STMB registered 14% YoY profit decline in 1Q22, no thanks to weak investment performance along with higher net claims, management expenses, and effective tax rate. Overall, results were within estimates and thus, FY22-23 forecasts were kept and we introduce FY24 projections. We still believe it is a good opportunity to accumulate STMB on weakness, especially for those who want a longer-term play into the bright takaful space. Maintain BUY and GGM-TP of RM4.40, based on 1.79x FY22 P/B.
Within estimates. Syarikat Takaful Malaysia Keluarga (STMB) posted 1Q22 net profit of RM87m (-44% QoQ, -14% YoY). This was within expectations, making up 24-27% of our and consensus full-year forecasts.
Dividend. None declared as STMB only divvy in 4Q.
QoQ. Weak gross earned contribution (GEC, -1%), investment-related income (-47%) along with higher net claims (+37%), other expenses (+4-fold) and effective tax rate (+40ppt from prosperity tax and lower deferred tax benefits), dragged earnings down by 44%. However, the lower surplus to takaful operator/participants (-86%) helped to cushion some of the damages.
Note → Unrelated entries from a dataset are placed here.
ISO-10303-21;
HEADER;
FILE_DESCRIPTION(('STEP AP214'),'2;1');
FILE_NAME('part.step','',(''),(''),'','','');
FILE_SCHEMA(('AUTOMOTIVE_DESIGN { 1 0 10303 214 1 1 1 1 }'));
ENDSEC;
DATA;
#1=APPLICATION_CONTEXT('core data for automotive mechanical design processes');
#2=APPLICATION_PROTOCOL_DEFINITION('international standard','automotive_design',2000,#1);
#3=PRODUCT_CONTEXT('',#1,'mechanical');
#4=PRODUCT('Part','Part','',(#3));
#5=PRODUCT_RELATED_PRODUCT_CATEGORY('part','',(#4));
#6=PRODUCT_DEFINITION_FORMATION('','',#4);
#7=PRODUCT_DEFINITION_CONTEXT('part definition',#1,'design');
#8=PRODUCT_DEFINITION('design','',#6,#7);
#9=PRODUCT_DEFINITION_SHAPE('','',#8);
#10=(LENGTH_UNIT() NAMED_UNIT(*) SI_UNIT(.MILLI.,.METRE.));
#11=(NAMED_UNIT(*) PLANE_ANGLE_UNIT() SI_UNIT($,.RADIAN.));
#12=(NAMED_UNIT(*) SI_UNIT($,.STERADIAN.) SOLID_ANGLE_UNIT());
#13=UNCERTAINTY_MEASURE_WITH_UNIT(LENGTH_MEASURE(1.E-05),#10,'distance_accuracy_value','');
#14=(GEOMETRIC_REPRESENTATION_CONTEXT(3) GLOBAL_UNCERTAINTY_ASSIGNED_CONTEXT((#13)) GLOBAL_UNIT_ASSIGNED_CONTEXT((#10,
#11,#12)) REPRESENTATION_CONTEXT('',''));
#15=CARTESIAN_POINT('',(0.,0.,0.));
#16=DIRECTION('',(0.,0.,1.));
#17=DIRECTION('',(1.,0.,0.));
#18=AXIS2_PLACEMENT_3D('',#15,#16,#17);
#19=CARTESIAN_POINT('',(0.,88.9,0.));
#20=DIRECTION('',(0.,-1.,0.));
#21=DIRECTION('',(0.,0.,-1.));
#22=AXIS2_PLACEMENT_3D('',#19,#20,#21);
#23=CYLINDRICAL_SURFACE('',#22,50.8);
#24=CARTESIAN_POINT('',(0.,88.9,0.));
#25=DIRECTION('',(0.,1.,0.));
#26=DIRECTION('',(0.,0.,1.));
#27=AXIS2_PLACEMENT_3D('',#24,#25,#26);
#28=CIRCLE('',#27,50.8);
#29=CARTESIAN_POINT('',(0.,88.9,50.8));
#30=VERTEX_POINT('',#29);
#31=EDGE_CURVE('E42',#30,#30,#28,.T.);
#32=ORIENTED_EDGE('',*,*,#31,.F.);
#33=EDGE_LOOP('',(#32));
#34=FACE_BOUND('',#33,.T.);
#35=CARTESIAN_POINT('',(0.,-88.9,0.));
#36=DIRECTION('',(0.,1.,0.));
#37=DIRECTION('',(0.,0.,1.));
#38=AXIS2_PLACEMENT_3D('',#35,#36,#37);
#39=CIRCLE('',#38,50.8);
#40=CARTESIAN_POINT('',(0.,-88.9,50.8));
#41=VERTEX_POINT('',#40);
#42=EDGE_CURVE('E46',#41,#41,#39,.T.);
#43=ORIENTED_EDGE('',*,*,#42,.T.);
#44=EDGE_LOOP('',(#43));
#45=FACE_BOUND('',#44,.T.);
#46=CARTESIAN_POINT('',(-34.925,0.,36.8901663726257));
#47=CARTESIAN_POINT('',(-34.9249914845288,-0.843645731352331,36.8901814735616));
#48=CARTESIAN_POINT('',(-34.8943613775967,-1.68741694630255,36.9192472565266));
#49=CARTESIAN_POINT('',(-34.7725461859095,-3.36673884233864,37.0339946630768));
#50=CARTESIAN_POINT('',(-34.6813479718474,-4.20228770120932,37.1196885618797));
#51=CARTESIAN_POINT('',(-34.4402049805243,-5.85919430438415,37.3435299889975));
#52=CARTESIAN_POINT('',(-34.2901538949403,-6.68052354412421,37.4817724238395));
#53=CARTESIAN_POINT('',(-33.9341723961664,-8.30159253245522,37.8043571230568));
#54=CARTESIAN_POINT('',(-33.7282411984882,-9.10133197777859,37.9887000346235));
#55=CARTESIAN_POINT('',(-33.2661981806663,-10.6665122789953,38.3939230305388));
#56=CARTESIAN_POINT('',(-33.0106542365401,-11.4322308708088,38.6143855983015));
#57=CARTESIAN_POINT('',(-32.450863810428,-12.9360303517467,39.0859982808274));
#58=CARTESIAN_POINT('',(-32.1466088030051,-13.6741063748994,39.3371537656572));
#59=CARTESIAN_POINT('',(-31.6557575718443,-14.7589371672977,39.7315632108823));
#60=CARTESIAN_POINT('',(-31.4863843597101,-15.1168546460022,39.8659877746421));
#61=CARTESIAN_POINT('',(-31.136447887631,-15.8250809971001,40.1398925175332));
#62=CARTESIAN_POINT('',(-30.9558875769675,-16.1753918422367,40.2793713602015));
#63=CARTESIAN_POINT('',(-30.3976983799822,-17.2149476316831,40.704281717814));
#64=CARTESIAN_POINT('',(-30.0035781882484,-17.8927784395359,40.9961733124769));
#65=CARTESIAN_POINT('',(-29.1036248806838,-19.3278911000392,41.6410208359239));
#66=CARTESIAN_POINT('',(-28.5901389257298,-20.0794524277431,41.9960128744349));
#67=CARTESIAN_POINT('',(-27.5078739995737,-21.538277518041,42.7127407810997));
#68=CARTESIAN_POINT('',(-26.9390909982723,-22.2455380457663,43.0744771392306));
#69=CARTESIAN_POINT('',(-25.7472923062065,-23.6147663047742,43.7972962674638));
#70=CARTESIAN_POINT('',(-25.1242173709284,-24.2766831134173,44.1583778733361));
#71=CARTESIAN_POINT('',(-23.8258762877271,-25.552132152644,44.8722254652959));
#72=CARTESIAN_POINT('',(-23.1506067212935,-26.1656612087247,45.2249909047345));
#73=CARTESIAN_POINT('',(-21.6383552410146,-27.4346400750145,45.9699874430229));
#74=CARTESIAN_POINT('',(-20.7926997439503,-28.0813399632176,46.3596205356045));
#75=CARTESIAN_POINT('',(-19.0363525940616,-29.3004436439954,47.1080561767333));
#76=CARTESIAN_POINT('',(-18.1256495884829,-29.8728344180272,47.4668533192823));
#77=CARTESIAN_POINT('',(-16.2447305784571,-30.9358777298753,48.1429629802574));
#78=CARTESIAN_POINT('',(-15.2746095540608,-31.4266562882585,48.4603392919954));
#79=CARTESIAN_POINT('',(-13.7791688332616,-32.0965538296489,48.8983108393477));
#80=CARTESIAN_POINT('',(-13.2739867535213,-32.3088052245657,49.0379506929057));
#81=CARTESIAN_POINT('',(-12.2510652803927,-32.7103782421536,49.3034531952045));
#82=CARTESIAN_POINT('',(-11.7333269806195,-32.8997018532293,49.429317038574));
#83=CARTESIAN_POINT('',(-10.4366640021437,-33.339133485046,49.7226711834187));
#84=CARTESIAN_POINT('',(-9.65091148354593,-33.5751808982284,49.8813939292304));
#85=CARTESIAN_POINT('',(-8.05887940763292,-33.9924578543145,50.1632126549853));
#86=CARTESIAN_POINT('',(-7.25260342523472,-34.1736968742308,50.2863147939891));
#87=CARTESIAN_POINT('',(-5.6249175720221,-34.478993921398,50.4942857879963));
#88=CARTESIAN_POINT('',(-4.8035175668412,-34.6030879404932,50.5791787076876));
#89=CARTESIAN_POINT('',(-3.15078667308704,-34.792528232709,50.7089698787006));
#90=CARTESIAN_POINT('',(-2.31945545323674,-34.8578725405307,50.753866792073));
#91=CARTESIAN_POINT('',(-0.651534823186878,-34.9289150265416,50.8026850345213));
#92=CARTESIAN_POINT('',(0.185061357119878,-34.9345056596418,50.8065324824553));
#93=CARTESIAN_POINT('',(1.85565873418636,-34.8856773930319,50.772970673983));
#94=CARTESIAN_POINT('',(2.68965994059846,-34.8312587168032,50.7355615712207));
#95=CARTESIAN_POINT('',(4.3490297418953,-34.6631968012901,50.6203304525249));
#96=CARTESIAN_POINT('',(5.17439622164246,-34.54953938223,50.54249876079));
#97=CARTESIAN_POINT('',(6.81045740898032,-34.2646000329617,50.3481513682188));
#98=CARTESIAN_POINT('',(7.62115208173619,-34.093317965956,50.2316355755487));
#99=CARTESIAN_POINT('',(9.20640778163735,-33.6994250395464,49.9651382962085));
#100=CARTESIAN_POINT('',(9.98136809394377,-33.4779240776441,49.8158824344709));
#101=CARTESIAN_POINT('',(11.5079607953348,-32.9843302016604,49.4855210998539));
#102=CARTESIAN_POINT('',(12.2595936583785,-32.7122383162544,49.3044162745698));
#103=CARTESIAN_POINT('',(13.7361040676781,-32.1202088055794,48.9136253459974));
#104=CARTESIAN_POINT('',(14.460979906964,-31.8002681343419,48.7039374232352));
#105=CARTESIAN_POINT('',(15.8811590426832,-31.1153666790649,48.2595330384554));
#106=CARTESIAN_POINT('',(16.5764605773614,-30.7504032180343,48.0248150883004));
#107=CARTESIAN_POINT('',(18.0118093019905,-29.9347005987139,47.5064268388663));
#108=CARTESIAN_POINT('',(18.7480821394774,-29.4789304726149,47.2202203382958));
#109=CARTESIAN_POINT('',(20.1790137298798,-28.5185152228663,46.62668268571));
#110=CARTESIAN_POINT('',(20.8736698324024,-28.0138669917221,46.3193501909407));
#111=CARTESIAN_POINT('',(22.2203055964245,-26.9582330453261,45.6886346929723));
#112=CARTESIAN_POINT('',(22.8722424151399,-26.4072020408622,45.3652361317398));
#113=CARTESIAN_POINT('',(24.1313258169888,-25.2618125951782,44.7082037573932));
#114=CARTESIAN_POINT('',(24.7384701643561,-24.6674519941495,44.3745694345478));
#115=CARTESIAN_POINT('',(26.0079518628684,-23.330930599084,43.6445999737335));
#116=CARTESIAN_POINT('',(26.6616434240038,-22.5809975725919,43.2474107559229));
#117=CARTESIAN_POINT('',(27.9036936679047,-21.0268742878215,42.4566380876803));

YoY. Although GEC rose 12%, profit still decreased by 14%, no thanks to higher net claims (+48%), management expenses (+23%), and effective tax rate (+17ppt). Also, the decline in investment-related income (-32%) further aggravated weakness at the bottom-line. Again, lower surplus to takaful operator/participants (-78%) softened the above negative impacts.
Outlook. Given economic recovery, we expect STMB to benefit from: (i) stronger loan appetite as this will drive up sales of credit related products, (ii) improving employee benefits segment, and (iii) more demand for general takaful products. However, the steepening of yield curve is seen to drag investment performance over the near-term. That said, the structural long-term growth prospects of STMB remains bright, looking at the: (i) underpenetrated insurance space, (ii) favourable demographics, along with the (iii) huge domestic protection gap.
Forecast. Unchanged as 1Q22 results were in line and we introduce FY24 estimates.
Reiterate BUY and GGM-TP of RM4.40, based on 1.79x FY22 P/B with assumptions of 17.0% ROE, 10.9% COE, and 3.0% LTG. This is beneath its 5-year mean of 2.67x but above the sector’s 1.48x. The discount is fair as its ROE output is 12ppt below the 5-year average while the premium to peers is fair, considering that (i) it is one of the leaders in the Islamic insurance industry, (ii) only pure listed takaful operator on Bursa Malaysia, and (iii) strong ROE output (4ppt higher than industry average). We reckon most short-term negatives surrounding the stock would have been priced in, seeing it is trading near to -2SD P/B. Thus, we believe this is a good opportunity to accumulate STMB on weakness, especially for those who want a longer-term play into the bright takaful space.